**Try it**:
Report only the number of lines in this material that include the string "against".

**Dataset records**:
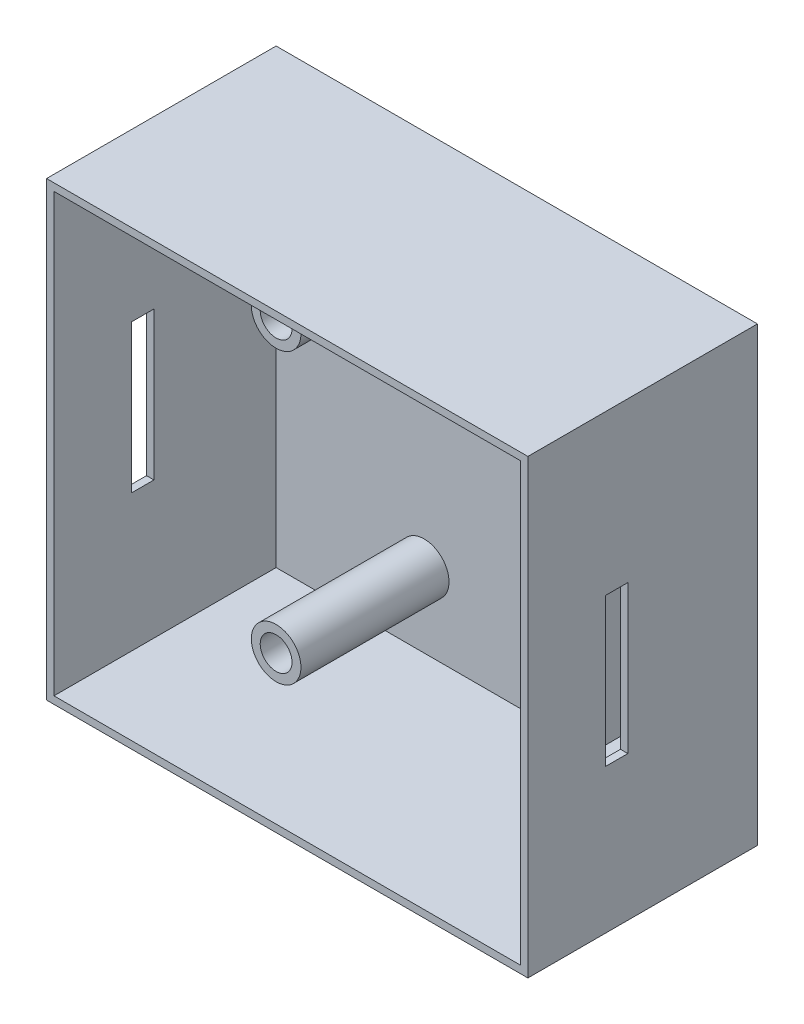
SolidWorks part; units mm, degrees
ref_plane "Alzado" through (0, 0, 0) normal (0, 0, 1) x (1, 0, 0)
ref_plane "Planta" through (0, 0, 0) normal (0, 1, 0) x (1, 0, 0)
ref_plane "Vista lateral" through (0, 0, 0) normal (1, 0, 0) x (0, 0, -1)
sketch "Croquis1" plane through (0, 0, 0) normal (0, 0, 1) x (1, 0, 0)
  line L0 (-31.5, 29.5) -> (-11.5, 29.5) construction
  line L1 (32.5, -30.5) -> (-32.5, -30.5)
  line L2 (32.5, -30.5) -> (32.5, 30.5)
  line L3 (32.5, 30.5) -> (-32.5, 30.5)
  line L4 (-32.5, -30.5) -> (-32.5, 30.5)
  line L5 (32.5, -30.5) -> (-32.5, 30.5) construction
  line L6 (32.5, 30.5) -> (-32.5, -30.5) construction
  line L7 (-31.5, -29.5) -> (31.5, -29.5)
  line L8 (-31.5, -29.5) -> (-31.5, 29.5)
  line L9 (-31.5, 29.5) -> (31.5, 29.5)
  line L10 (31.5, -29.5) -> (31.5, 29.5)
  line L11 (-31.5, -29.5) -> (31.5, 29.5) construction
  line L12 (-31.5, 29.5) -> (31.5, -29.5) construction
  line L13 (-11.5, 29.5) -> (-11.5, 19.5) construction
  line L14 (-11.5, -29.5) -> (-11.5, -19.5) construction
  line L15 (-31.5, 0) -> (31.5, 0) construction
  line L16 (31.5, 29.5) -> (31.5, 24.5) construction
  line L17 (31.5, 24.5) -> (17.5, 24.5)
  line L18 (17.5, 24.5) -> (17.5, -23.5)
  line L19 (17.5, -23.5) -> (31.5, -23.5)
  line L20 (31.5, -23.5) -> (31.5, -29.5)
  line L21 (31.5, -23.5) -> (31.5, -22.5)
  line L22 (17.5, -22.5) -> (18.5, -22.5) construction
  line L23 (31.5, -22.5) -> (18.5, -22.5)
  line L24 (31.5, 24.5) -> (31.5, 23.5) construction
  line L25 (17.5, 23.5) -> (18.5, 23.5) construction
  line L26 (31.5, 23.5) -> (18.5, 23.5)
  line L27 (18.5, 23.5) -> (18.5, -22.5)
  circle A0 centre (-11.5, -19.5) radius 2.15
  circle A1 centre (-11.5, -19.5) radius 3.35
  circle A2 centre (-11.5, 19.5) radius 2.15
  circle A3 centre (-11.5, 19.5) radius 3.35
  point P0 (0, 0)
  point P6 (0, 0)
  dimension "D8" = 4.3
  dimension "D9" = 6.7
  dimension "D1" = 61
  dimension "D2" = 65
  dimension "D3" = 63
  dimension "D4" = 59
  dimension "D5" = 20
  dimension "D6" = 10
  dimension "D7" = 10
  dimension "D10" = 5
  dimension "D11" = 14
  dimension "D12" = 48
  dimension "D13" = 1
  dimension "D14" = 1
  dimension "D15" = 1
  dimension "D16" = 1
extrude "Saliente-Extruir1" add sketch "Croquis1" along normal blind 30 contours L4 L1 L2 L3 L10 L7 L8 L9 region at (0, -29.6086, 0)
extrude "Saliente-Extruir2" add sketch "Croquis1<7>" along normal blind 20 separate body contours A3 A2 | A1 A0 region at (-14.7552, -19.5, 0) region at (-14.7552, 19.5, 0)
sketch "Croquis1<7>" plane through (0, 0, 0) normal (0, 0, 1) x (1, 0, 0) same geometry as "Croquis1"
extrude "Saliente-Extruir4" add sketch "Croquis1<9>" along normal blind 10 contours L27 L26 L10 L17 L18 L19 L23 region at (24.5, -23, 0)
sketch "Croquis1<9>" plane through (0, 0, 0) normal (0, 0, 1) x (1, 0, 0) same geometry as "Croquis1"
sketch "Croquis2" plane through (0, 0, 0) normal (0, 0, -1) x (-1, 0, 0)
  line L1 (-32.5, 30.5) -> (32.5, 30.5)
  line L2 (-32.5, 30.5) -> (-32.5, -30.5)
  line L3 (-32.5, -30.5) -> (32.5, -30.5)
  line L4 (32.5, 30.5) -> (32.5, -30.5)
extrude "Saliente-Extruir5" add sketch "Croquis2" along normal blind 1
sketch "Croquis3" plane through (0, 0, 0) normal (1, 0, 0) x (0, 0, -1)
  line L0 (1, -30.5) -> (1, 30.5) construction
  line L1 (-19.5, 9) -> (-16.5, 9)
  line L2 (-19.5, 9) -> (-19.5, -11)
  line L3 (-19.5, -11) -> (-16.5, -11)
  line L4 (-16.5, 9) -> (-16.5, -11)
  line L5 (1, -30.5) -> (-30, -30.5) construction
  dimension "D1" = 17.5
  dimension "D2" = 20
  dimension "D3" = 3
  dimension "D4" = 19.5
extrude "Cortar-Extruir1" cut sketch "Croquis3" against normal through all both and the other way through all
sketch "Croquis5" plane through (0, 0, 20) normal (0, 0, 1) x (1, 0, 0)
  circle A0 centre (-11.5, -19.5) radius 2.15
  circle A1 centre (-11.5, 19.5) radius 2.15
  dimension "D1" = 4.3
  dimension "D2" = 4.3
extrude "Cortar-Extruir2" cut sketch "Croquis5" against normal blind 40

**Completed exercise**:
2